24 de enero 2003, El Espectador

El concepto de “tú me importas” debería ser la columna vertebral de la aproximación a esos otros, a esas otras que –en algún momento– hemos sido nosotros mismos. Por ahí debería empezar la protección ética y estética de las sociedades.

El caso de la semana pasada, de un profesor universitario denunciado en redes y entrevistas por temas de acoso sexual, deja una horrible sensación de tristeza y hace que repasemos lo que han significado las relaciones de poder en la historia emocional de las personas.

No hay remiendo que valga ni sutura que sane del todo una piel o un espíritu violentado. Las heridas que más rabia y frustración generan son generalmente esas que nunca debieron suceder, las infringidas por satisfacer un ego o darle rienda suelta a la estúpida manía de asumir las posiciones dominantes como una patente de corso, para maltratar a quien se encuentra en el lugar vulnerable de la ecuación.

Rechazo cualquier tipo de abuso sexual. Por infame, por injusto y porque es una conducta denigrante, que resulta del irrespeto y la cosificación de los seres humanos. Es una señal inequívoca de bajeza y desconsideración llevada al extremo.

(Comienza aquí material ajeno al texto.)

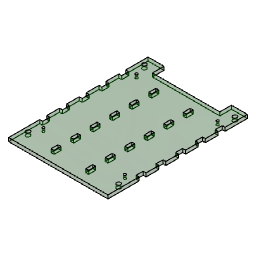
Support_batteries_PCB_KOSMOS3-0 (Autodesk Fusion 360 design; units mm, degrees)
Autodesk Fusion 360 part; units mm, degrees
sketch "Esquisse1" plane through (0, 0, 0) normal (0, 0, 1) x (1, 0, 0)
  line L0 (0, 0) -> (-85.47, 0)
  line L1 (-85.47, 0) -> (-85.47, 120)
  line L2 (0, 120) -> (0, 0)
  circle A0 centre (-81.67, 13) radius 1.75
  circle A1 centre (-3.8, 13) radius 1.75
  circle A2 centre (-81.67, 113) radius 1.75
  circle A3 centre (-3.8, 113) radius 1.75
  line L3 (-71.735, 120) -> (-71.735, 110)
  line L4 (-71.735, 110) -> (-13.735, 110)
  line L5 (-13.735, 110) -> (-13.735, 120)
  line L6 (-85.47, 120) -> (-71.735, 120)
  line L7 (-13.735, 120) -> (0, 120)
  dimension "d1" = 85.47
  dimension "d3" = 77.87
  dimension "d5" = 3.8
  dimension "d6" = 3.5
  dimension "d7" = 3.5
  dimension "d8" = 13
  dimension "d9" = 3.5
  dimension "d10" = 3.5
  dimension "d13" = 13
  dimension "d14" = 3.8
  dimension "d15" = 77.87
  dimension "d16" = 58
  dimension "d17" = 10
  dimension "d18" = 13.735
  dimension "d21" = 120
  dimension "d22" = 7
  dimension "d24" = 7
  constraint horizontal L0
  constraint vertical L1
  constraint vertical L2
  constraint coincident L0.start L2.end
  constraint perpendicular L3 L4
  constraint perpendicular L3 L6
  constraint perpendicular L2 L7
  constraint equal L1 L2
  measures "d1" distance of L0.start L0.end
  measures "d3" distance of A0.centre A1.centre
  measures "d5" distance of L1 A0.centre
  measures "d6" diameter of A1
  measures "d7" diameter of A0
  measures "d8" distance of L0 A0.centre
  measures "d9" diameter of A3
  measures "d10" diameter of A2
  measures "d13" distance of L0 A1.centre
  measures "d14" distance of L1 A2.centre
  measures "d15" distance of A2.centre A3.centre
  measures "d16" distance of L3.end L4.end
  measures "d17" distance of L4.end L5.end
  measures "d18" distance of L2 L5
  measures "d21" distance of L0.start L2.start
  measures "d22" distance of A3.centre L7
  measures "d24" distance of A2.centre L6
extrude "Extrusion1" add sketch "Esquisse1" along normal blind 3
sketch "Esquisse2" plane through (0, 0, 3) normal (0, 0, 1) x (-1, 0, 0)
  circle A0 centre (3.8, -113) radius 1.75
  circle A1 centre (81.67, -113) radius 1.75
  circle A2 centre (3.8, -13) radius 1.75
  circle A3 centre (81.67, -13) radius 1.75
  line L0 (13.735, -120) -> (13.735, -110)
  line L1 (13.735, -110) -> (71.735, -110)
  line L2 (71.735, -110) -> (71.735, -120)
  line L3 (71.735, -120) -> (85.47, -120)
  line L4 (85.47, -120) -> (85.47, 0)
  line L5 (85.47, 0) -> (0, 0)
  line L6 (0, 0) -> (0, -120)
  line L7 (0, -120) -> (13.735, -120)
  line L8 (58.87, -10) -> (56.37, -10)
  line L9 (56.37, -10) -> (56.37, -16)
  line L10 (56.37, -16) -> (58.87, -16)
  line L11 (58.87, -16) -> (58.87, -10)
  line L12 (56.37, -26.8) -> (56.37, -32.8)
  line L13 (56.37, -32.8) -> (58.87, -32.8)
  line L14 (58.87, -26.8) -> (56.37, -26.8)
  line L15 (58.87, -32.8) -> (58.87, -26.8)
  line L16 (56.37, -43.6) -> (56.37, -49.6)
  line L17 (56.37, -49.6) -> (58.87, -49.6)
  line L18 (58.87, -43.6) -> (56.37, -43.6)
  line L19 (58.87, -49.6) -> (58.87, -43.6)
  line L20 (56.37, -60.4) -> (56.37, -66.4)
  line L21 (56.37, -66.4) -> (58.87, -66.4)
  line L22 (58.87, -60.4) -> (56.37, -60.4)
  line L23 (58.87, -66.4) -> (58.87, -60.4)
  line L24 (56.37, -77.2) -> (56.37, -83.2)
  line L25 (56.37, -83.2) -> (58.87, -83.2)
  line L26 (58.87, -77.2) -> (56.37, -77.2)
  line L27 (58.87, -83.2) -> (58.87, -77.2)
  line L28 (56.37, -94) -> (56.37, -100)
  line L29 (56.37, -100) -> (58.87, -100)
  line L30 (58.87, -94) -> (56.37, -94)
  line L31 (58.87, -100) -> (58.87, -94)
  line L32 (42.735, 23.8439) -> (42.735, -200) construction
  line L33 (42.735, 7.0439) -> (42.735, -216.8) construction
  line L34 (29.1, -83.2) -> (26.6, -83.2)
  line L35 (26.6, -10) -> (29.1, -10)
  line L36 (29.1, -16) -> (26.6, -16)
  line L37 (29.1, -66.4) -> (26.6, -66.4)
  line L38 (29.1, -10) -> (29.1, -16)
  line L39 (29.1, -49.6) -> (26.6, -49.6)
  line L40 (26.6, -77.2) -> (29.1, -77.2)
  line L41 (26.6, -94) -> (29.1, -94)
  line L42 (26.6, -49.6) -> (26.6, -43.6)
  line L43 (29.1, -77.2) -> (29.1, -83.2)
  line L44 (29.1, -94) -> (29.1, -100)
  line L45 (26.6, -83.2) -> (26.6, -77.2)
  line L46 (29.1, -32.8) -> (26.6, -32.8)
  line L47 (29.1, -26.8) -> (29.1, -32.8)
  line L48 (29.1, -60.4) -> (29.1, -66.4)
  line L49 (26.6, -26.8) -> (29.1, -26.8)
  line L50 (26.6, -32.8) -> (26.6, -26.8)
  line L51 (26.6, -60.4) -> (29.1, -60.4)
  line L52 (26.6, -16) -> (26.6, -10)
  line L53 (29.1, -43.6) -> (29.1, -49.6)
  line L54 (29.1, -100) -> (26.6, -100)
  line L55 (26.6, -100) -> (26.6, -94)
  line L56 (26.6, -43.6) -> (29.1, -43.6)
  line L57 (26.6, -66.4) -> (26.6, -60.4)
  line L58 (85.47, -26.8) -> (82.97, -26.8)
  line L59 (82.97, -26.8) -> (82.97, -32.8)
  line L60 (82.97, -32.8) -> (85.47, -32.8)
  line L61 (85.47, -32.8) -> (85.47, -26.8)
  line L62 (82.97, -43.8) -> (82.97, -49.8)
  line L63 (82.97, -49.8) -> (85.47, -49.8)
  line L64 (85.47, -49.8) -> (85.47, -43.8)
  line L65 (85.47, -43.8) -> (82.97, -43.8)
  line L66 (82.97, -60.8) -> (82.97, -66.8)
  line L67 (82.97, -66.8) -> (85.47, -66.8)
  line L68 (85.47, -66.8) -> (85.47, -60.8)
  line L69 (85.47, -60.8) -> (82.97, -60.8)
  line L70 (82.97, -77.8) -> (82.97, -83.8)
  line L71 (82.97, -83.8) -> (85.47, -83.8)
  line L72 (85.47, -83.8) -> (85.47, -77.8)
  line L73 (85.47, -77.8) -> (82.97, -77.8)
  line L74 (82.97, -94.8) -> (82.97, -100.8)
  line L75 (82.97, -100.8) -> (85.47, -100.8)
  line L76 (85.47, -100.8) -> (85.47, -94.8)
  line L77 (85.47, -94.8) -> (82.97, -94.8)
  line L78 (2.5, -43.8) -> (2.5, -49.8)
  line L79 (2.5, -100.8) -> (0, -100.8)
  line L80 (0, -49.8) -> (0, -43.8)
  line L81 (2.5, -77.8) -> (2.5, -83.8)
  line L82 (0, -83.8) -> (0, -77.8)
  line L83 (0, -77.8) -> (2.5, -77.8)
  line L84 (0, -26.8) -> (2.5, -26.8)
  line L85 (0, -32.8) -> (0, -26.8)
  line L86 (2.5, -49.8) -> (0, -49.8)
  line L87 (0, -100.8) -> (0, -94.8)
  line L88 (0, -60.8) -> (2.5, -60.8)
  line L89 (2.5, -32.8) -> (0, -32.8)
  line L90 (2.5, -83.8) -> (0, -83.8)
  line L91 (2.5, -94.8) -> (2.5, -100.8)
  line L92 (2.5, -66.8) -> (0, -66.8)
  line L93 (2.5, -26.8) -> (2.5, -32.8)
  line L94 (2.5, -60.8) -> (2.5, -66.8)
  line L95 (0, -43.8) -> (2.5, -43.8)
  line L96 (0, -66.8) -> (0, -60.8)
  line L97 (0, -94.8) -> (2.5, -94.8)
  dimension "d25" = 2.5
  dimension "d26" = 6
  dimension "d27" = 26.6
  dimension "d31" = -20
  dimension "d32" = -84
  dimension "d35" = 85.47
  dimension "d37" = 42.735
  dimension "d42" = 2.5
  dimension "d43" = 6
  dimension "d44" = 26.8
  dimension "d45" = 26.8
  dimension "d48" = 0
  dimension "d49" = -68
  constraint horizontal L8
  constraint vertical L9
  constraint horizontal L10
  constraint vertical L11
  constraint perpendicular L1 L32
  constraint horizontal L58
  constraint vertical L59
  constraint horizontal L60
  constraint vertical L61
  constraint coincident L4 L58.start
  measures "d25" distance of L8.start L8.end
  measures "d26" distance of L8.start L10.end
  measures "d27" distance of L4 L11
  measures "d35" distance of L4.end L5.end
  measures "d37" distance of L4 L32
  measures "d42" distance of L58.start L58.end
  measures "d43" distance of L58.end L59.end
  measures "d44" distance of L5 L14
  measures "d45" distance of L5 L58
extrude "Extrusion2" cut sketch "Esquisse2" against normal blind 3 contours L6 L79 L87 L91 L97 | L6 L81 L82 L83 L90 | L4 L74 L75 L76 L77 | L6 L88 L92 L94 L96 | L4 L70 L71 L72 L73 | L6 L78 L80 L86 L95 | L4 L66 L67 L68 L69 | L6 L84 L85 L89 L93 | L4 L62 L63 L64 L65 | L4 L58 L59 L60 L61 | L8 L9 L10 L11 | L12 L13 L14 L15 | L16 L17 L18 L19 | L20 L21 L22 L23 | L24 L25 L26 L27 | L28 L29 L30 L31 | L34 L40 L43 L45 | L35 L36 L38 L52 | L37 L48 L51 L57 | L39 L42 L53 L56 | L41 L44 L54 L55 | L46 L47 L49 L50
sketch "Esquisse3" plane through (0, 0, 3) normal (0, 0, 1) x (-1, 0, 0)
  line L0 (2.5, -32.8) -> (0, -32.8)
  line L1 (0, -32.8) -> (0, -43.8)
  line L2 (0, -43.8) -> (2.5, -43.8)
  line L3 (2.5, -43.8) -> (2.5, -49.8)
  line L4 (2.5, -49.8) -> (0, -49.8)
  line L5 (0, -49.8) -> (0, -60.8)
  line L6 (0, -60.8) -> (2.5, -60.8)
  line L7 (2.5, -60.8) -> (2.5, -66.8)
  line L8 (2.5, -66.8) -> (0, -66.8)
  line L9 (0, -66.8) -> (0, -77.8)
  line L10 (0, -77.8) -> (2.5, -77.8)
  line L11 (2.5, -77.8) -> (2.5, -83.8)
  line L12 (2.5, -83.8) -> (0, -83.8)
  line L13 (0, -83.8) -> (0, -94.8)
  line L14 (0, -94.8) -> (2.5, -94.8)
  line L15 (2.5, -94.8) -> (2.5, -100.8)
  line L16 (2.5, -100.8) -> (0, -100.8)
  line L17 (0, -100.8) -> (0, -120)
  line L18 (0, -120) -> (13.735, -120)
  line L19 (13.735, -120) -> (13.735, -110)
  line L20 (13.735, -110) -> (71.735, -110)
  line L21 (71.735, -110) -> (71.735, -120)
  line L22 (71.735, -120) -> (85.47, -120)
  line L23 (85.47, -120) -> (85.47, -100.8)
  line L24 (85.47, -100.8) -> (82.97, -100.8)
  line L25 (82.97, -100.8) -> (82.97, -94.8)
  line L26 (82.97, -94.8) -> (85.47, -94.8)
  line L27 (85.47, -94.8) -> (85.47, -83.8)
  line L28 (85.47, -83.8) -> (82.97, -83.8)
  line L29 (82.97, -83.8) -> (82.97, -77.8)
  line L30 (82.97, -77.8) -> (85.47, -77.8)
  line L31 (85.47, -77.8) -> (85.47, -66.8)
  line L32 (85.47, -66.8) -> (82.97, -66.8)
  line L33 (82.97, -66.8) -> (82.97, -60.8)
  line L34 (82.97, -60.8) -> (85.47, -60.8)
  line L35 (85.47, -60.8) -> (85.47, -49.8)
  line L36 (85.47, -49.8) -> (82.97, -49.8)
  line L37 (82.97, -49.8) -> (82.97, -43.8)
  line L38 (82.97, -43.8) -> (85.47, -43.8)
  line L39 (85.47, -43.8) -> (85.47, -32.8)
  line L40 (85.47, -32.8) -> (82.97, -32.8)
  line L41 (82.97, -32.8) -> (82.97, -26.8)
  line L42 (82.97, -26.8) -> (85.47, -26.8)
  line L43 (85.47, -26.8) -> (85.47, 0)
  line L44 (85.47, 0) -> (0, 0)
  line L45 (0, 0) -> (0, -26.8)
  line L46 (0, -26.8) -> (2.5, -26.8)
  line L47 (2.5, -26.8) -> (2.5, -32.8)
  line L48 (56.37, -26.8) -> (58.87, -26.8)
  line L49 (58.87, -26.8) -> (58.87, -32.8)
  line L50 (58.87, -32.8) -> (56.37, -32.8)
  line L51 (56.37, -32.8) -> (56.37, -26.8)
  line L52 (29.1, -26.8) -> (29.1, -32.8)
  line L53 (29.1, -32.8) -> (26.6, -32.8)
  line L54 (26.6, -32.8) -> (26.6, -26.8)
  line L55 (26.6, -26.8) -> (29.1, -26.8)
  line L56 (29.1, -10) -> (29.1, -16)
  line L57 (29.1, -16) -> (26.6, -16)
  line L58 (26.6, -16) -> (26.6, -10)
  line L59 (26.6, -10) -> (29.1, -10)
  line L60 (56.37, -10) -> (58.87, -10)
  line L61 (58.87, -10) -> (58.87, -16)
  line L62 (58.87, -16) -> (56.37, -16)
  line L63 (56.37, -16) -> (56.37, -10)
  line L64 (29.1, -60.4) -> (29.1, -66.4)
  line L65 (29.1, -66.4) -> (26.6, -66.4)
  line L66 (26.6, -66.4) -> (26.6, -60.4)
  line L67 (26.6, -60.4) -> (29.1, -60.4)
  line L68 (29.1, -77.2) -> (29.1, -83.2)
  line L69 (29.1, -83.2) -> (26.6, -83.2)
  line L70 (26.6, -83.2) -> (26.6, -77.2)
  line L71 (26.6, -77.2) -> (29.1, -77.2)
  line L72 (29.1, -94) -> (29.1, -100)
  line L73 (29.1, -100) -> (26.6, -100)
  line L74 (26.6, -100) -> (26.6, -94)
  line L75 (26.6, -94) -> (29.1, -94)
  line L76 (56.37, -60.4) -> (58.87, -60.4)
  line L77 (58.87, -60.4) -> (58.87, -66.4)
  line L78 (58.87, -66.4) -> (56.37, -66.4)
  line L79 (56.37, -66.4) -> (56.37, -60.4)
  line L80 (56.37, -43.6) -> (58.87, -43.6)
  line L81 (58.87, -43.6) -> (58.87, -49.6)
  line L82 (58.87, -49.6) -> (56.37, -49.6)
  line L83 (56.37, -49.6) -> (56.37, -43.6)
  line L84 (29.1, -49.6) -> (26.6, -49.6)
  line L85 (26.6, -49.6) -> (26.6, -43.6)
  line L86 (26.6, -43.6) -> (29.1, -43.6)
  line L87 (29.1, -43.6) -> (29.1, -49.6)
  line L88 (56.37, -94) -> (58.87, -94)
  line L89 (58.87, -94) -> (58.87, -100)
  line L90 (58.87, -100) -> (56.37, -100)
  line L91 (56.37, -100) -> (56.37, -94)
  line L92 (56.37, -77.2) -> (58.87, -77.2)
  line L93 (58.87, -77.2) -> (58.87, -83.2)
  line L94 (58.87, -83.2) -> (56.37, -83.2)
  line L95 (56.37, -83.2) -> (56.37, -77.2)
  circle A0 centre (81.67, -113) radius 1.75
  circle A1 centre (81.67, -13) radius 1.75
  circle A2 centre (3.8, -13) radius 1.75
  circle A3 centre (3.8, -113) radius 1.75
  circle A4 centre (77.97, -102.5) radius 1.05
  circle A5 centre (7.97, -102.5) radius 1.05
  circle A6 centre (77.97, -22.5) radius 1.05
  circle A7 centre (7.97, -22.5) radius 1.05
  dimension "d52" = 2.1
  dimension "d53" = 7.5
  dimension "d54" = 5
  dimension "d57" = -70
  dimension "d58" = 80
  measures "d52" diameter of A4
  measures "d53" distance of L20 A4.centre
  measures "d54" distance of L25 A4.centre
extrude "Extrusion3" cut sketch "Esquisse3" against normal blind 5 contours A4 | A5 | A6 | A7
equation "d18 = ( d1 - d16 ) / 2"
equation "d37 = 85.47 mm / 2"
equation "d42 = d25"
equation "d43 = d26"

Por otro lado, no me sintonizo con algunos y algunas adalides de la moral que se sienten con el derecho de lapidar a los acosadores. Mejor dicho, no me gusta lapidar gente, por equivocada que haya estado. Me siento más bien con la obligación de preguntarme y preguntar cuántas veces por miedo o vergüenza ejercimos un silencio cómplice. Cuántas veces nos quedamos callados y calladas frente a un cura, un jefe o un profesor infame, de esos que se sienten poderosos porque son los dueños de las indulgencias, de los ascensos o de la libreta de calificaciones. Quizá muchos de nosotros debamos reconocer que dejamos de hacer lo debido, porque en su momento (en el nuestro) no levantamos la mano para decir me too.

Admiro, sí, a los hombres y mujeres, a las niñas, niños y adolescentes heroicos que se han atrevido a denunciar la siniestra mezcla de sexo, imposición y poder, y admiro a quienes oyen a las víctimas, investigan, descubren la verdad y alzan la voz y la dignidad sin dejarse intimidar por los victimarios.

Los testimonios y las entrevistas de la semana pasada a raíz de las denuncias contra el profesor me dejan un doloroso balance. No solo por las víctimas de esta historia puntual, sino por todas las mujeres que desde siempre han sido vulneradas, dolor por todos los abusos de todas las épocas, en todas las aulas y habitaciones oscuras y en todos los cuerpos tomados por la fuerza…

Y dolor también porque conozco al profesor del caso que nos ocupa. Desde hace cuatro años hemos compartido causas y manejamos con respeto mutuo diferencias conceptuales, y pensamos muy distinto, pero he valorado su conocimiento geopolítico de Oriente Medio y admiro su coraje para incursionar en el meollo de las guerras internacionales. Celebré públicamente su reciente designación para un cargo diplomático, y me equivoqué. Defiendo el derecho a la presunción de inocencia, pero confieso que de todo lo leído y oído no sé qué me impactó más: si las declaraciones de las víctimas o las respuestas del profesor, llenas de estereotipos machistas y trillados que pretenden justificar lo injustificable. Se necesita valor para atravesar el mundo y entre los escombros tomar fotografías de las viudas afganas y los tanques de guerra. Pero se requiere mucha más valentía para reconocer los errores y pedir perdón.

Lamento mucho todo esto. Toda esta historia es una tristeza. Y una decepción.